Content starts
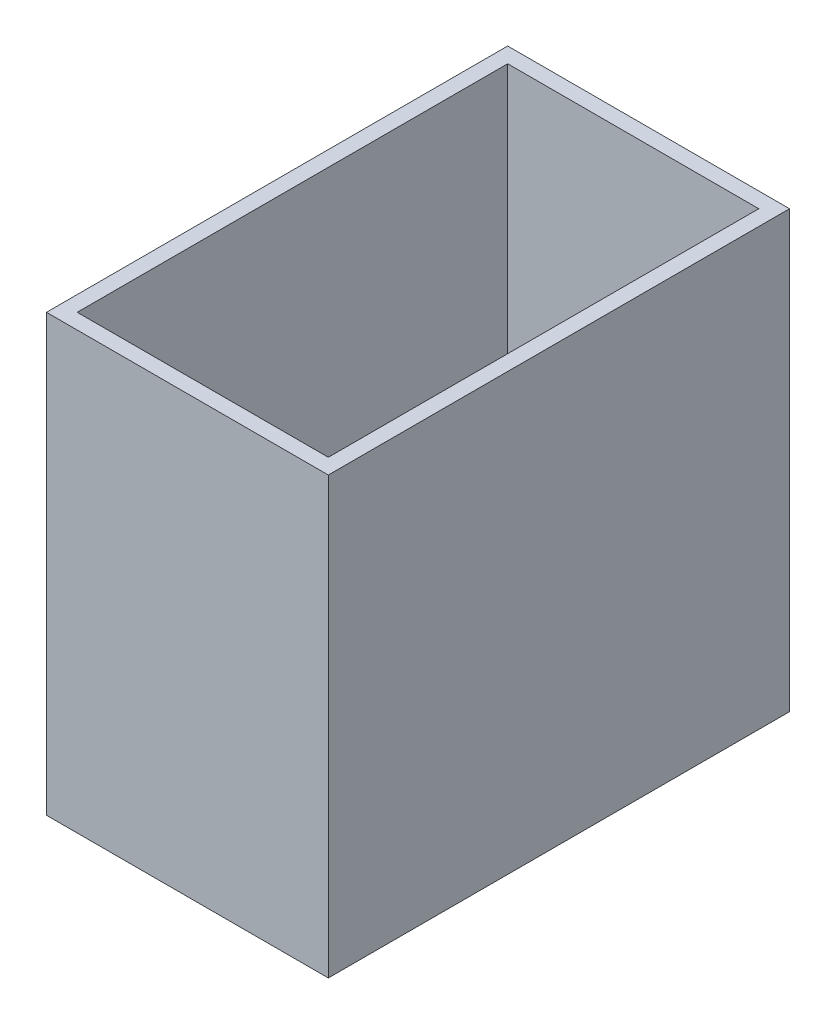
ISO-10303-21;
HEADER;
FILE_DESCRIPTION(('STEP AP214'),'2;1');
FILE_NAME('part.step','',(''),(''),'','','');
FILE_SCHEMA(('AUTOMOTIVE_DESIGN { 1 0 10303 214 1 1 1 1 }'));
ENDSEC;
DATA;
#1=APPLICATION_CONTEXT('core data for automotive mechanical design processes');
#2=APPLICATION_PROTOCOL_DEFINITION('international standard','automotive_design',2000,#1);
#3=PRODUCT_CONTEXT('',#1,'mechanical');
#4=PRODUCT('Part','Part','',(#3));
#5=PRODUCT_RELATED_PRODUCT_CATEGORY('part','',(#4));
#6=PRODUCT_DEFINITION_FORMATION('','',#4);
#7=PRODUCT_DEFINITION_CONTEXT('part definition',#1,'design');
#8=PRODUCT_DEFINITION('design','',#6,#7);
#9=PRODUCT_DEFINITION_SHAPE('','',#8);
#10=(LENGTH_UNIT() NAMED_UNIT(*) SI_UNIT(.MILLI.,.METRE.));
#11=(NAMED_UNIT(*) PLANE_ANGLE_UNIT() SI_UNIT($,.RADIAN.));
#12=(NAMED_UNIT(*) SI_UNIT($,.STERADIAN.) SOLID_ANGLE_UNIT());
#13=UNCERTAINTY_MEASURE_WITH_UNIT(LENGTH_MEASURE(1.E-05),#10,'distance_accuracy_value','');
#14=(GEOMETRIC_REPRESENTATION_CONTEXT(3) GLOBAL_UNCERTAINTY_ASSIGNED_CONTEXT((#13)) GLOBAL_UNIT_ASSIGNED_CONTEXT((#10,
#11,#12)) REPRESENTATION_CONTEXT('',''));
#15=CARTESIAN_POINT('',(0.,0.,0.));
#16=DIRECTION('',(0.,0.,1.));
#17=DIRECTION('',(1.,0.,0.));
#18=AXIS2_PLACEMENT_3D('',#15,#16,#17);
#19=CARTESIAN_POINT('',(-24.5,36.,-87.2769256906871));
#20=DIRECTION('',(0.728848072093987,0.684675461664049,0.));
#21=DIRECTION('',(-0.684675461664049,0.728848072093987,0.));
#22=AXIS2_PLACEMENT_3D('',#19,#20,#21);
#23=PLANE('',#22);
#24=DIRECTION('',(0.547494719493018,-0.58281695946031,0.600478079443955));
#25=VECTOR('',#24,1.);
#26=CARTESIAN_POINT('',(-39.385177691199,51.8455117357925,-58.3256787580893));
#27=LINE('',#26,#25);
#28=CARTESIAN_POINT('',(-24.5,36.,-42.));
#29=VERTEX_POINT('',#28);
#30=CARTESIAN_POINT('',(6.50000000000001,3.00000000000001,-8.));
#31=VERTEX_POINT('',#30);
#32=EDGE_CURVE('E152',#29,#31,#27,.T.);
#33=ORIENTED_EDGE('',*,*,#32,.F.);
#34=DIRECTION('',(0.,0.,1.));
#35=VECTOR('',#34,1.);
#36=CARTESIAN_POINT('',(-24.5,36.,-87.2769256906871));
#37=LINE('',#36,#35);
#38=CARTESIAN_POINT('',(-24.5,36.,-8.));
#39=VERTEX_POINT('',#38);
#40=EDGE_CURVE('E144',#29,#39,#37,.T.);
#41=ORIENTED_EDGE('',*,*,#40,.T.);
#42=DIRECTION('',(-0.684675461664049,0.728848072093987,0.));
#43=VECTOR('',#42,1.);
#44=CARTESIAN_POINT('',(-24.5,36.,-7.99999999999999));
#45=LINE('',#44,#43);
#46=EDGE_CURVE('E11',#31,#39,#45,.T.);
#47=ORIENTED_EDGE('',*,*,#46,.F.);
#48=EDGE_LOOP('',(#33,#41,#47));
#49=FACE_BOUND('',#48,.T.);
#50=ADVANCED_FACE('F33',(#49),#23,.T.);
#51=CARTESIAN_POINT('',(-27.5,85.,45.));
#52=DIRECTION('',(1.,0.,0.));
#53=DIRECTION('',(0.,0.,-1.));
#54=AXIS2_PLACEMENT_3D('',#51,#52,#53);
#55=PLANE('',#54);
#56=DIRECTION('',(0.,0.,1.));
#57=VECTOR('',#56,1.);
#58=CARTESIAN_POINT('',(-27.5,0.,45.));
#59=LINE('',#58,#57);
#60=CARTESIAN_POINT('',(-27.5,0.,-45.));
#61=VERTEX_POINT('',#60);
#62=CARTESIAN_POINT('',(-27.5,0.,-8.));
#63=VERTEX_POINT('',#62);
#64=EDGE_CURVE('E225',#61,#63,#59,.T.);
#65=ORIENTED_EDGE('',*,*,#64,.T.);
#66=DIRECTION('',(0.,-1.,0.));
#67=VECTOR('',#66,1.);
#68=CARTESIAN_POINT('',(-27.5,-36.,-8.));
#69=LINE('',#68,#67);
#70=CARTESIAN_POINT('',(-27.5,36.,-8.));
#71=VERTEX_POINT('',#70);
#72=EDGE_CURVE('E168',#71,#63,#69,.T.);
#73=ORIENTED_EDGE('',*,*,#72,.F.);
#74=DIRECTION('',(0.,0.,-1.));
#75=VECTOR('',#74,1.);
#76=CARTESIAN_POINT('',(-27.5,36.,8.));
#77=LINE('',#76,#75);
#78=CARTESIAN_POINT('',(-27.5,36.,8.));
#79=VERTEX_POINT('',#78);
#80=EDGE_CURVE('E172',#79,#71,#77,.T.);
#81=ORIENTED_EDGE('',*,*,#80,.F.);
#82=DIRECTION('',(0.,1.,0.));
#83=VECTOR('',#82,1.);
#84=CARTESIAN_POINT('',(-27.5,-36.,8.));
#85=LINE('',#84,#83);
#86=CARTESIAN_POINT('',(-27.5,0.,8.));
#87=VERTEX_POINT('',#86);
#88=EDGE_CURVE('E177',#87,#79,#85,.T.);
#89=ORIENTED_EDGE('',*,*,#88,.F.);
#90=CARTESIAN_POINT('',(-27.5,0.,45.));
#91=VERTEX_POINT('',#90);
#92=EDGE_CURVE('E201',#87,#91,#59,.T.);
#93=ORIENTED_EDGE('',*,*,#92,.T.);
#94=DIRECTION('',(0.,-1.,0.));
#95=VECTOR('',#94,1.);
#96=CARTESIAN_POINT('',(-27.5,85.,45.));
#97=LINE('',#96,#95);
#98=CARTESIAN_POINT('',(-27.5,85.,45.));
#99=VERTEX_POINT('',#98);
#100=EDGE_CURVE('E241',#99,#91,#97,.T.);
#101=ORIENTED_EDGE('',*,*,#100,.F.);
#102=DIRECTION('',(0.,0.,1.));
#103=VECTOR('',#102,1.);
#104=CARTESIAN_POINT('',(-27.5,85.,45.));
#105=LINE('',#104,#103);
#106=CARTESIAN_POINT('',(-27.5,85.,-45.));
#107=VERTEX_POINT('',#106);
#108=EDGE_CURVE('E214',#107,#99,#105,.T.);
#109=ORIENTED_EDGE('',*,*,#108,.F.);
#110=DIRECTION('',(0.,-1.,0.));
#111=VECTOR('',#110,1.);
#112=CARTESIAN_POINT('',(-27.5,85.,-45.));
#113=LINE('',#112,#111);
#114=EDGE_CURVE('E224',#107,#61,#113,.T.);
#115=ORIENTED_EDGE('',*,*,#114,.T.);
#116=EDGE_LOOP('',(#65,#73,#81,#89,#93,#101,#109,#115));
#117=FACE_BOUND('',#116,.T.);
#118=ADVANCED_FACE('F35',(#117),#55,.F.);
#119=CARTESIAN_POINT('',(27.5,85.,45.));
#120=DIRECTION('',(0.,0.,-1.));
#121=DIRECTION('',(-1.,0.,0.));
#122=AXIS2_PLACEMENT_3D('',#119,#120,#121);
#123=PLANE('',#122);
#124=DIRECTION('',(1.,0.,0.));
#125=VECTOR('',#124,1.);
#126=CARTESIAN_POINT('',(27.5,0.,45.));
#127=LINE('',#126,#125);
#128=CARTESIAN_POINT('',(27.5,0.,45.));
#129=VERTEX_POINT('',#128);
#130=EDGE_CURVE('E228',#91,#129,#127,.T.);
#131=ORIENTED_EDGE('',*,*,#130,.T.);
#132=DIRECTION('',(0.,-1.,0.));
#133=VECTOR('',#132,1.);
#134=CARTESIAN_POINT('',(27.5,85.,45.));
#135=LINE('',#134,#133);
#136=CARTESIAN_POINT('',(27.5,85.,45.));
#137=VERTEX_POINT('',#136);
#138=EDGE_CURVE('E238',#137,#129,#135,.T.);
#139=ORIENTED_EDGE('',*,*,#138,.F.);
#140=DIRECTION('',(1.,0.,0.));
#141=VECTOR('',#140,1.);
#142=CARTESIAN_POINT('',(27.5,85.,45.));
#143=LINE('',#142,#141);
#144=EDGE_CURVE('E217',#99,#137,#143,.T.);
#145=ORIENTED_EDGE('',*,*,#144,.F.);
#146=ORIENTED_EDGE('',*,*,#100,.T.);
#147=EDGE_LOOP('',(#131,#139,#145,#146));
#148=FACE_BOUND('',#147,.T.);
#149=ADVANCED_FACE('F307',(#148),#123,.F.);
#150=CARTESIAN_POINT('',(27.5,85.,45.));
#151=DIRECTION('',(-1.,0.,0.));
#152=DIRECTION('',(0.,0.,1.));
#153=AXIS2_PLACEMENT_3D('',#150,#151,#152);
#154=PLANE('',#153);
#155=DIRECTION('',(0.,0.,-1.));
#156=VECTOR('',#155,1.);
#157=CARTESIAN_POINT('',(27.5,0.,45.));
#158=LINE('',#157,#156);
#159=CARTESIAN_POINT('',(27.5,0.,-45.));
#160=VERTEX_POINT('',#159);
#161=EDGE_CURVE('E230',#129,#160,#158,.T.);
#162=ORIENTED_EDGE('',*,*,#161,.T.);
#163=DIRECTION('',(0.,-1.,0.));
Content ends
#### What the task requires:
From the records above, copy only the lines starting with the line that holds "#37=LINE('',#36,#35);" and going on through the line that holds "#50=ADVANCED_FACE('F33',(#49),#23,.T.);", exactly as written.

#### Solved exercise:
#37=LINE('',#36,#35);
#38=CARTESIAN_POINT('',(-24.5,36.,-8.));
#39=VERTEX_POINT('',#38);
#40=EDGE_CURVE('E144',#29,#39,#37,.T.);
#41=ORIENTED_EDGE('',*,*,#40,.T.);
#42=DIRECTION('',(-0.684675461664049,0.728848072093987,0.));
#43=VECTOR('',#42,1.);
#44=CARTESIAN_POINT('',(-24.5,36.,-7.99999999999999));
#45=LINE('',#44,#43);
#46=EDGE_CURVE('E11',#31,#39,#45,.T.);
#47=ORIENTED_EDGE('',*,*,#46,.F.);
#48=EDGE_LOOP('',(#33,#41,#47));
#49=FACE_BOUND('',#48,.T.);
#50=ADVANCED_FACE('F33',(#49),#23,.T.);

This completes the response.